May want to tell them it failed you charging hard on the steeps. Falling leaf on greens is a dead giveaway to origami by chairlift.


----------



## Alex B (Nov 12, 2012)

Johan_Olofsson said:


> you sure this has nothing to do with a chairlift and you not putting your highback down when takin' it... Because it sure does look like it


What does that mean? What does not putting the highback down do?

Alex B


----------



## hktrdr (Apr 3, 2012)

Alex B said:


> What does that mean? What does not putting the highback down do?
> 
> Alex B


Easiest way to crack a highback: Leave it up and have the board caught between the chair and the ground. These things are not designed for compression loading in that direction...


----------



## Alex B (Nov 12, 2012)

Oh I see, that would be a pisser!

Alex B


----------



## deminimis (Nov 5, 2012)

I rather think it may have happened when getting off a lift. Think a Nugget zinged me with a ski causing me to fall. I fell on the ramp, landing, somehow, on the back binding (closed) and rode the board down the ramp while laying on my side, on top of the binding. Funny as hell and I did get one of those "Daddy, what are you doing?" questions from The Girl. Anyway, I think that is when it happened. We'll see what happens.


----------



## StreetDoc (Dec 24, 2011)

so your original story- it failed while riding blues and greens is completely false. 

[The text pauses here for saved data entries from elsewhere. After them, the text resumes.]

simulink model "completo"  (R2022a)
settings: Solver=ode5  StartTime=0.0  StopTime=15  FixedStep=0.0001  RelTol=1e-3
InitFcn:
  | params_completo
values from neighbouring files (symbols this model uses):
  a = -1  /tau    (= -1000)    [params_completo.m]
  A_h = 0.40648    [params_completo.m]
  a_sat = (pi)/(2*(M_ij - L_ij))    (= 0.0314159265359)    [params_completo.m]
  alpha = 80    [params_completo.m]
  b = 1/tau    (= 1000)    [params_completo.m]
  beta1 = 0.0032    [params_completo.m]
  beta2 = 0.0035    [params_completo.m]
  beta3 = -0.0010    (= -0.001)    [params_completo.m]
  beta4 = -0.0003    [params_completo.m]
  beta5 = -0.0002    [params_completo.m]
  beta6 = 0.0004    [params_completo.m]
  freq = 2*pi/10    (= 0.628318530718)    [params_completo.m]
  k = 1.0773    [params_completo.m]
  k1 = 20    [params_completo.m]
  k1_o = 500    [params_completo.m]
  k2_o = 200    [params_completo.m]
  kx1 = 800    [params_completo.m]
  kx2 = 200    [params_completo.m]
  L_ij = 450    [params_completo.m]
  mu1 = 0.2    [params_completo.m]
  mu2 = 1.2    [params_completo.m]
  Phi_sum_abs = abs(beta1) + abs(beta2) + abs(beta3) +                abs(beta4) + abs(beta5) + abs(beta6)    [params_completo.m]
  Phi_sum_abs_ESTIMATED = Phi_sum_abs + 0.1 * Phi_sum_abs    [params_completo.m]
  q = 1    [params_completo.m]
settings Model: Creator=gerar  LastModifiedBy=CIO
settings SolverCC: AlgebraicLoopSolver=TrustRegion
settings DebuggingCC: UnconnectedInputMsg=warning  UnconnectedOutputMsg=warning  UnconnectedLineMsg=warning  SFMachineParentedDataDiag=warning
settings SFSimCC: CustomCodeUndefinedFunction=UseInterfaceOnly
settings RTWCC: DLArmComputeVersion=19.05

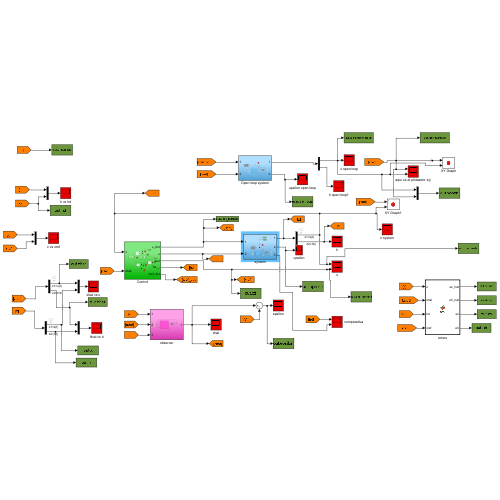
[thumbnail: Simulink's stored preview of the top-level diagram]
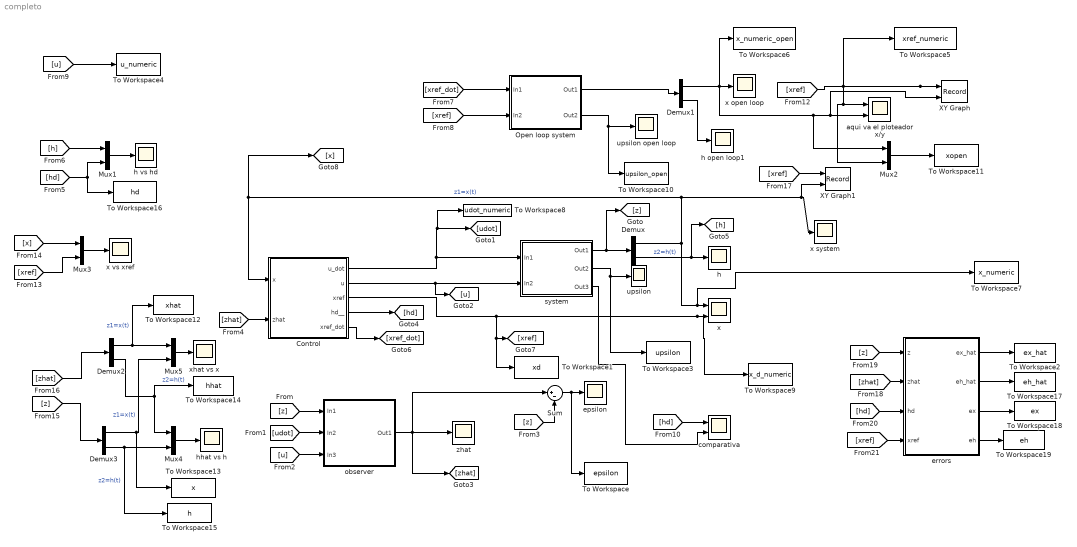
== system completo ==
  Control : Subsystem
  Demux{,1..3} (4 alike) : Demux  Outputs=2
  Mux{1..5} (5 alike) : Mux  Inputs=2
  Open loop system : Subsystem
  Sum : Sum  Inputs=|+-
  To Workspace : ToWorkspace  VariableName=epsilon  SaveFormat=Timeseries  SampleTime=-1
  To Workspace1 : ToWorkspace  VariableName=xd  SaveFormat=Timeseries  SampleTime=-1
  To Workspace10 : ToWorkspace  VariableName=upsilon_open  SaveFormat=Structure  SampleTime=-1
  To Workspace11 : ToWorkspace  VariableName=xopen  SaveFormat=Timeseries  SampleTime=-1
  To Workspace12 : ToWorkspace  VariableName=xhat  SaveFormat=Timeseries  SampleTime=-1
  To Workspace13 : ToWorkspace  VariableName=x  SaveFormat=Timeseries  SampleTime=-1
  To Workspace14 : ToWorkspace  VariableName=hhat  SaveFormat=Timeseries  SampleTime=-1
  To Workspace15 : ToWorkspace  VariableName=h  SaveFormat=Timeseries  SampleTime=-1
  To Workspace16 : ToWorkspace  VariableName=hd  SaveFormat=Timeseries  SampleTime=-1
  To Workspace17 : ToWorkspace  VariableName=eh_hat  SaveFormat=Timeseries  SampleTime=-1
  To Workspace18 : ToWorkspace  VariableName=ex  SaveFormat=Timeseries  SampleTime=-1
  To Workspace19 : ToWorkspace  VariableName=eh  SaveFormat=Timeseries  SampleTime=-1
  To Workspace2 : ToWorkspace  VariableName=ex_hat  SaveFormat=Timeseries  SampleTime=-1
  To Workspace3 : ToWorkspace  VariableName=upsilon  SaveFormat=Structure  SampleTime=-1
  To Workspace4 : ToWorkspace  VariableName=u_numeric  SaveFormat=Structure  SampleTime=-1
  To Workspace5 : ToWorkspace  VariableName=xref_numeric  SaveFormat=Structure  SampleTime=-1
  To Workspace6 : ToWorkspace  VariableName=x_numeric_open  SaveFormat=Structure  SampleTime=-1
  To Workspace7 : ToWorkspace  VariableName=x_numeric  SaveFormat=Structure  SampleTime=-1
  To Workspace8 : ToWorkspace  VariableName=udot_numeric  SaveFormat=Structure  SampleTime=-1
  To Workspace9 : ToWorkspace  VariableName=x_d_numeric  SaveFormat=Structure  SampleTime=-1
  XY Graph : Record  FileSettingsInternal="{\"entries\":[{\"content\":{\"excelSettings\":{\"content\":{},\"type\":\"Streamout.ExcelSettings\"}},\"type\":\"Streamout.FileSettingStorage\",\"uuid\":\"58948ec6-d345-4ba4-a5f9-32bad8470a1a\"}],\"packageUris\":[\"http://schema.mathworks.com/mf0/streamout_blocks/R2020a\"],\"version\":\"1.0\"}"  Layout=[1 1]  SignalsInternal="{\"entries\":[{\"content\":{\"signals\":[{\"content\":{\"blockPath\":[\"completo/XY Graph\"],\"channel\":[],\"dimensions\":[1],\"domain\":\"completo/XY Graph\",\"lineColor\":\"#a2142f\",\"plots\":[1],\"port\":1,\"sid\":[],\"signalID\":655,\"signalName\":\"From12\"},\"type\":\"RecordBlkView.Signal\",\"uuid\":\"ccf76168-5501-4964-b812-cd25957922a2\"},{\"content\":{\"blockPath\":[\"completo/XY Graph\"],\"channel\":[],\"dimensions\":[1],\"domain\":\"completo/XY Graph\",\"lineColor\":\"#139fff\",\"plots\":[1],\"port\":2,\"sid\":[],\"signalID\":658,\"signalName\":\"Demux1:1\"},\"type\":\"RecordBlkView.Signal\",\"uuid\":\"d05795eb-9c31-488d-9f29-71855a3ce2a9\"}]},\"type\":\"RecordBlkView.InputSignals\",\"uuid\":\"1ab41c32-35a5-46b4-97f6-ee8bfd3e0af7\"}],\"packageUris\":[\"http://schema.mathworks.com/mf0/streamout_blocks/R2020a\"],\"version\":\"1.0\"}"  VisualizationBindings="{\"xyplotplugin\":{\"info\":[{\"series\":[{\"bindingParametersList\":[{\"parameter\":\"X-Axis\",\"signalID\":655,\"signalName\":\"From12\"},{\"parameter\":\"Y-Axis\",\"signalID\":658,\"signalName\":\"Demux1:1\"}],\"seriesID\":39720}],\"subplotID\":1}]}}"  CompatibilityTag=XY
  XY Graph1 : Record  FileSettingsInternal="{\"entries\":[{\"content\":{\"excelSettings\":{\"content\":{},\"type\":\"Streamout.ExcelSettings\"}},\"type\":\"Streamout.FileSettingStorage\",\"uuid\":\"11f322b1-eef3-45be-a83d-5182385591cb\"}],\"packageUris\":[\"http://schema.mathworks.com/mf0/streamout_blocks/R2020a\"],\"version\":\"1.0\"}"  Layout=[1 1]  SignalsInternal="{\"entries\":[{\"content\":{\"signals\":[{\"content\":{\"blockPath\":[\"completo/XY Graph1\"],\"channel\":[],\"dimensions\":[1],\"domain\":\"completo/XY Graph1\",\"lineColor\":\"#a2142f\",\"plots\":[1],\"port\":1,\"sid\":[],\"signalID\":647,\"signalName\":\"From17\"},\"type\":\"RecordBlkView.Signal\",\"uuid\":\"a2b6a24d-7c32-44e8-9cda-e5b06c3ad770\"},{\"content\":{\"blockPath\":[\"completo/XY Graph1\"],\"channel\":[],\"dimensions\":[1],\"domain\":\"completo/XY Graph1\",\"lineColor\":\"#139fff\",\"plots\":[1],\"port\":2,\"sid\":[],\"signalID\":650,\"signalName\":\"z1=x(t)\"},\"type\":\"RecordBlkView.Signal\",\"uuid\":\"9a324e81-d58f-46a3-8cfa-1b0d0714c485\"}]},\"type\":\"RecordBlkView.InputSignals\",\"uuid\":\"4fdf8df6-887b-4fd8-83f4-ac5bb18b92d4\"}],\"packageUris\":[\"http://schema.mathworks.com/mf0/streamout_blocks/R2020a\"],\"version\":\"1.0\"}"  VisualizationBindings="{\"xyplotplugin\":{\"info\":[{\"series\":[{\"bindingParametersList\":[{\"parameter\":\"X-Axis\",\"signalID\":647,\"signalName\":\"From17\"},{\"parameter\":\"Y-Axis\",\"signalID\":650,\"signalName\":\"z1=x(t)\"}],\"seriesID\":20684}],\"subplotID\":1}]}}"  CompatibilityTag=XY
  aqui va el ploteador x/y : Scope  NumInputPorts=2
  comparativa : Scope  NumInputPorts=2
  epsilon : Scope
  errors : MATLAB Function  TreatAsAtomicUnit=on
  h : Scope
  h open loop1 : Scope
  h vs hd : Scope
  hhat vs h : Scope
  observer : Subsystem
  system : Subsystem
  upsilon : Scope
  upsilon open loop : Scope
  x : Scope  NumInputPorts=2
  x open loop : Scope
  x system : Scope
  x vs xref : Scope
  xhat vs x : Scope
  zhat : Scope
  wires:
  Control/1(u_dot) -> To Workspace8/1, [udot], system/1(In1)
  Control/2(u) -> system/2(In2), [u]
  Control/3(xref) -> To Workspace1/1, [xref], To Workspace9/1, x/2
  Demux/2 -> [h], h/1  "z2=h(t)"
  Demux/1 -> To Workspace7/1, x/1, XY Graph1/2, x system/1, [x], Control/1(x)  "z1=x(t)"
  system/1(Out1) -> Demux/1, [z]
  [z] -> observer/1(In1)
  observer/1(Out1) -> [zhat], Sum/1, zhat/1
  [udot] -> observer/2(In2)
  [u] -> observer/3(In3)
  [z] -> Sum/2
  Sum/1 -> To Workspace/1, epsilon/1
  [zhat] -> Control/2(zhat)
  system/2(Out2) -> To Workspace3/1, upsilon/1
  Control/4(hd__) -> [hd]
  [h] -> Mux1/1
  [hd] -> To Workspace16/1, Mux1/2
  Mux1/1 -> h vs hd/1
  Control/5(xref_dot) -> [xref_dot]
  [xref_dot] -> Open loop system/1(In1)
  [xref] -> Open loop system/2(In2)
  Open loop system/1(Out1) -> Demux1/1
  Open loop system/2(Out2) -> To Workspace10/1, upsilon open loop/1
  Demux1/2 -> h open loop1/1
  Demux1/1 -> To Workspace6/1, x open loop/1, XY Graph/2, aqui va el ploteador x/y/2, Mux2/1
  [u] -> To Workspace4/1
  system/3(Out3) -> comparativa/2
  [hd] -> comparativa/1
  [xref] -> XY Graph/1, To Workspace5/1, Mux2/2, aqui va el ploteador x/y/1
  Mux2/1 -> To Workspace11/1
  [xref] -> Mux3/2
  [x] -> Mux3/1
  Mux3/1 -> x vs xref/1
  [xref] -> XY Graph1/1
  [zhat] -> Demux2/1
  [z] -> Demux3/1
  Demux2/1 -> To Workspace12/1, Mux5/1  "z1=x(t)"
  Demux3/1 -> To Workspace13/1, Mux5/2  "z1=x(t)"
  Mux5/1 -> xhat vs x/1
  Demux2/2 -> To Workspace14/1, Mux4/1  "z2=h(t)"
  Demux3/2 -> To Workspace15/1, Mux4/2  "z2=h(t)"
  Mux4/1 -> hhat vs h/1
  [zhat] -> errors/2(zhat)
  [z] -> errors/1(z)
  [hd] -> errors/3(hd)
  [xref] -> errors/4(xref)
  errors/1(ex_hat) -> To Workspace2/1
  errors/2(eh_hat) -> To Workspace17/1
  errors/3(ex) -> To Workspace18/1
  errors/4(eh) -> To Workspace19/1

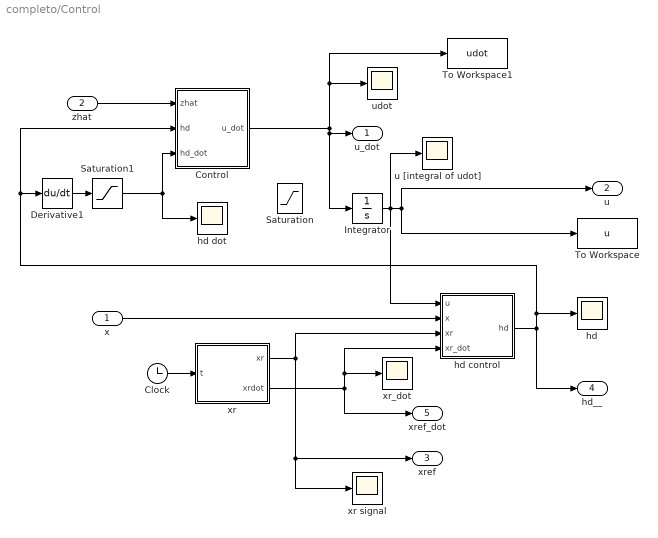
== system completo/Control ==
  x : Inport
  zhat : Inport  Port=2
  Clock : Clock
  Control : MATLAB Function  TreatAsAtomicUnit=on
  Derivative1 : Derivative
  Integrator : Integrator
  Saturation : Saturate  UpperLimit=100  LowerLimit=-100
  Saturation1 : Saturate  UpperLimit=40  LowerLimit=-40
  To Workspace : ToWorkspace  VariableName=u  SaveFormat=Timeseries  SampleTime=-1
  To Workspace1 : ToWorkspace  VariableName=udot  SaveFormat=Timeseries  SampleTime=-1
  hd : Scope
  hd control : MATLAB Function  TreatAsAtomicUnit=on
  hd dot : Scope
  u [integral of udot] : Scope
  udot : Scope
  xr : MATLAB Function  TreatAsAtomicUnit=on
  xr signal : Scope
  xr_dot : Scope
  u_dot : Outport  VectorParamsAs1DForOutWhenUnconnected=off
  u : Outport  Port=2  VectorParamsAs1DForOutWhenUnconnected=off
  xref : Outport  Port=3  VectorParamsAs1DForOutWhenUnconnected=off
  hd__ : Outport  Port=4  VectorParamsAs1DForOutWhenUnconnected=off
  xref_dot : Outport  Port=5  VectorParamsAs1DForOutWhenUnconnected=off
  wires:
  Integrator/1 -> hd control/1(u), To Workspace/1, u/1, u [integral of udot]/1
  x/1 -> hd control/2(x)
  Clock/1 -> xr/1(t)
  xr/1(xr) -> xr signal/1, xref/1, hd control/3(xr)
  zhat/1 -> Control/1(zhat)
  xr/2(xrdot) -> xref_dot/1, hd control/4(xr_dot), xr_dot/1
  Derivative1/1 -> Saturation1/1
  Saturation1/1 -> hd dot/1, Control/3(hd_dot)
  hd control/1(hd) -> hd/1, Control/2(hd), Derivative1/1, hd__/1
  Control/1(u_dot) -> Integrator/1, u_dot/1, udot/1, To Workspace1/1

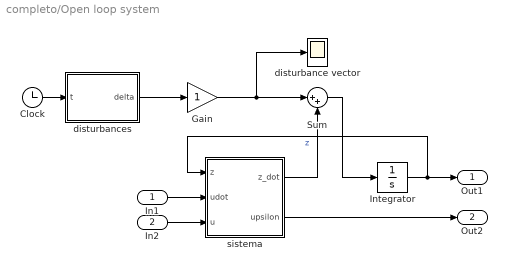
== system completo/Open loop system ==
  In1 : Inport
  In2 : Inport  Port=2
  Clock : Clock
  Gain : Gain
  Integrator : Integrator  InitialCondition=[3;-2]
  Sum : Sum  Inputs=|++
  disturbance vector : Scope
  disturbances : MATLAB Function  TreatAsAtomicUnit=on
  sistema : MATLAB Function  TreatAsAtomicUnit=on
  Out1 : Outport  VectorParamsAs1DForOutWhenUnconnected=off
  Out2 : Outport  Port=2  VectorParamsAs1DForOutWhenUnconnected=off
  wires:
  Integrator/1 -> Out1/1, sistema/1(z)  "z"
  In1/1 -> sistema/2(udot)
  In2/1 -> sistema/3(u)
  sistema/2(upsilon) -> Out2/1
  Clock/1 -> disturbances/1(t)
  sistema/1(z_dot) -> Sum/2
  disturbances/1(delta) -> Gain/1
  Sum/1 -> Integrator/1
  Gain/1 -> Sum/1, disturbance vector/1

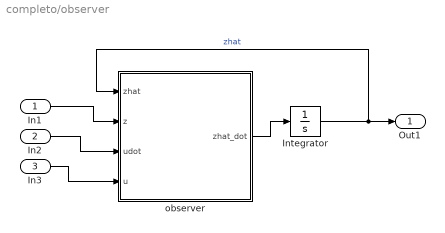
== system completo/observer ==
  In1 : Inport
  In2 : Inport  Port=2
  In3 : Inport  Port=3
  Integrator : Integrator  InitialCondition=[0;0]
  observer : MATLAB Function  TreatAsAtomicUnit=on
  Out1 : Outport  VectorParamsAs1DForOutWhenUnconnected=off
  wires:
  observer/1(zhat_dot) -> Integrator/1
  Integrator/1 -> observer/1(zhat), Out1/1  "zhat"
  In1/1 -> observer/2(z)
  In2/1 -> observer/3(udot)
  In3/1 -> observer/4(u)

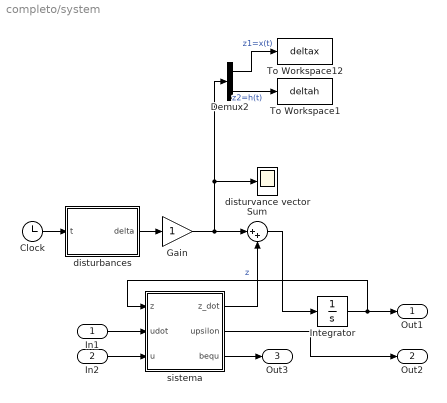
== system completo/system ==
  In1 : Inport
  In2 : Inport  Port=2
  Clock : Clock
  Demux2 : Demux  Outputs=2
  Gain : Gain
  Integrator : Integrator  InitialCondition=[3;-2]
  Sum : Sum  Inputs=|++
  To Workspace1 : ToWorkspace  VariableName=deltah  SaveFormat=Timeseries  SampleTime=-1
  To Workspace12 : ToWorkspace  VariableName=deltax  SaveFormat=Timeseries  SampleTime=-1
  disturbances : MATLAB Function  TreatAsAtomicUnit=on
  disturvance vector : Scope
  sistema : MATLAB Function  TreatAsAtomicUnit=on
  Out1 : Outport  VectorParamsAs1DForOutWhenUnconnected=off
  Out2 : Outport  Port=2  VectorParamsAs1DForOutWhenUnconnected=off
  Out3 : Outport  Port=3  VectorParamsAs1DForOutWhenUnconnected=off
  wires:
  Integrator/1 -> Out1/1, sistema/1(z)  "z"
  In1/1 -> sistema/2(udot)
  In2/1 -> sistema/3(u)
  sistema/2(upsilon) -> Out2/1
  Clock/1 -> disturbances/1(t)
  sistema/1(z_dot) -> Sum/2
  disturbances/1(delta) -> Gain/1
  Sum/1 -> Integrator/1
  sistema/3(bequ) -> Out3/1
  Gain/1 -> Demux2/1, disturvance vector/1, Sum/1
  Demux2/1 -> To Workspace12/1  "z1=x(t)"
  Demux2/2 -> To Workspace1/1  "z2=h(t)"

== matlab function completo/Open loop system/disturbances ==
  data: t input; delta output
function delta = dist(t)

delta_x = -3 - 10*cos(0.2*t+10);
delta_h = 8*sin(t); 

delta = [delta_x ; delta_h];

== matlab function completo/Open loop system/sistema ==
  data: z input; udot input; u input; z_dot output; k parameter; a parameter; b parameter; upsilon output; beta1 parameter; beta2 parameter; beta3 parameter; beta4 parameter; beta5 parameter; beta6 parameter; A_h parameter
function [z_dot, upsilon] = sys(z, udot, u, k, a, b, beta1, beta2, beta3, beta4, beta5, beta6, A_h)

    x = z(1,1);
    h = z(2,1);

    Phi = beta1*sign( udot*h ) + beta2*sign( udot*u ) + ...
          beta3*sign( u*h )    + beta4*sign( udot )   + ...
          beta5*sign( h )      + beta6*sign( u );

    %============================ System model ============================
    z_dot = [ a*x + b*k*u - b*h    ;    
            udot*( A_h - abs(h)*Phi ) ];

    upsilon = k*u - h;
    bequ = b*k*u;

== matlab function completo/errors ==
  data: z input; zhat input; hd input; ex_hat output; xref input; eh_hat output; ex output; eh output
function [ex_hat, eh_hat, ex, eh] = fcn(z, zhat, hd, xref)

x = z(1,1);
h = z(2,1);

xhat = zhat(1,1);
hhat = zhat(2,1);



%%%
ex_hat = xhat - x;
eh_hat = hhat - h;

ex = x - xref;
eh = h - hd;

== matlab function completo/Control/Control ==
  data: zhat input; hd input; hd_dot input; u_dot output; k1 parameter; A_h parameter; Phi_sum_abs parameter; Phi_sum_abs_ESTIMATED parameter
function u_dot = fcn(zhat, hd, hd_dot, k1, A_h, Phi_sum_abs, Phi_sum_abs_ESTIMATED)

eh = zhat(2,1) - hd;  %error with estimated states

%%%%%%%%%%%%%%%%%%% CO N T R O L %%%%%%%%%%%%%%%%%%%%%%%%%%%%%%%%%

u_dot = ( - k1 * sign(eh) + hd_dot )/( A_h - (Phi_sum_abs)*abs(eh + hd) ) ;

== matlab function completo/system/disturbances ==
  data: t input; delta output
function delta = dist(t)

delta_x = -3 - 10*cos(0.2*t+10);
delta_h = 8*sin(t); 

delta = [delta_x ; delta_h];

== matlab function completo/observer/observer ==
  data: zhat input; z input; udot input; u input; zhat_dot output; A_h parameter; k parameter; a parameter; b parameter; Phi_sum_abs_ESTIMATED parameter; k1_o parameter; k2_o parameter; mu1 parameter; mu2 parameter; q parameter
function zhat_dot = obs(zhat, z, udot, u, A_h, k, a, b, Phi_sum_abs_ESTIMATED, k1_o, k2_o, mu1, mu2, q)

x = z(1,1);
xhat = zhat(1,1);
hhat = zhat(2,1);


    gx = [ a*xhat + b*k*u - b*hhat                        ; %    gx = [ a*xhat + b*k*u                          ; 
          ( udot ) * ( A_h - abs(hhat)*Phi_sum_abs_ESTIMATED ) ] ;


%%%%%%%%%%%%%%%%%%%%%%%% o b s e r v e r %%%%%%%%%%%%%%%%%%%%%%%%%%%%%%%%%%
%error
e1 = xhat - x; 

%functions
phi1 = mu1*abs(e1)^(1/2)*sign(e1) + mu2 * abs(e1)^q * sign(e1)      ; 
phi2 = ( (mu1/2)*abs(e1)^(-1/2) + mu2*q*abs(e1)^(q-1) ) * ( phi1 ); 
correction_term = [- k1_o * phi1;
                   - k2_o * phi2];

zhat_dot =  gx -  correction_term;

== matlab function completo/Control/hd control ==
  data: u input; x input; xr input; xr_dot input; hd output; k parameter; a parameter; b parameter; L_ij parameter; kx1 parameter; kx2 parameter; a_sat parameter
function hd = fcn(u, x, xr, xr_dot, k, a, b, L_ij, kx1, kx2, a_sat)

ex = x - xr;

%%%%%%%%%%%%%%%%%%%%%%%% C O N T R O L  %%%%%%%%%%%%%%%%%%%%%%%%%%%

s = kx1*ex; % kx1

if s > L_ij
    sigma = tanh(a_sat*(s - L_ij))/(a_sat) + L_ij;
elseif abs(s) <= L_ij
    sigma = s;
elseif s < (-L_ij)
    sigma = tanh(a_sat*(s + L_ij))/(a_sat) - L_ij;
else
    sigma = 0;
end
    
hd = (1/b) * ( - sigma - kx2*sign(ex) + a*(ex + xr) + b*k*u - xr_dot );

== matlab function completo/Control/xr ==
  data: t input; xr output; alpha parameter; xrdot output; freq parameter
function [xr, xrdot] = fcn(t, alpha, freq)

xr = alpha*sin(freq*t);
xrdot = freq*alpha*cos(freq*t);

== matlab function completo/system/sistema ==
  data: z input; udot input; u input; z_dot output; A_h parameter; k parameter; a parameter; b parameter; upsilon output; bequ output; beta1 parameter; beta2 parameter; beta3 parameter; beta4 parameter; beta5 parameter; beta6 parameter
function [z_dot, upsilon, bequ] = sys(z, udot, u, A_h, k, a, b, beta1, beta2, beta3, beta4, beta5, beta6)

    x = z(1,1);
    h = z(2,1);

    Phi = beta1*sign( udot*h ) + beta2*sign( udot*u ) + ...
          beta3*sign( u*h )    + beta4*sign( udot )   + ...
          beta5*sign( h )      + beta6*sign( u );

    %============================ System model ============================
    % System:
    z_dot = [ a*x + b*k*u - b*h    ;    
            udot*( A_h - abs(h)*Phi ) ];

    upsilon = k*u - h;
    bequ = b*k*u;

It failed because you don't know how to get off a chairlift. Nice...


----------



## ShredLife (Feb 6, 2010)

i ride meadows every year. i'd be surprised if there's enough snow yet to even get your highback close enough to the lift to break it while getting on.


----------



## deminimis (Nov 5, 2012)

StreetDoc said:


> so your original story- it failed while riding blues and greens is completely false.
> 
> It failed because you don't know how to get off a chairlift. Nice...



Not exactly sure how, when it broke. I was only on blue and green runs all day, and at the end of the day it was broken. So, just taking guesses here. The little lift incident seems a good guess, perhaps the best guess, but just a guess. I know...You'd think after 24 years of boarding (with healthy absence in the middle) I'd know how to get off a chairlift.

SL, I was surprised how much Meadows had on the ground. Obviously, very early season conditions, but not bad at all. Bummer the freezing level seems to be heading up over the next few days.


----------



## StreetDoc (Dec 24, 2011)

deminimis said:


> Not exactly sure how, when it broke. I was only on blue and green runs all day, and at the end of the day it was broken. So, just taking guesses here. The little lift incident seems a good guess, perhaps the best guess, but just a guess. I know...You'd think after 24 years of boarding (with healthy absence in the middle) I'd know how to get off a chairlift.
> 
> SL, I was surprised how much Meadows had on the ground. Obviously, very early season conditions, but not bad at all. Bummer the freezing level seems to be heading up over the next few days.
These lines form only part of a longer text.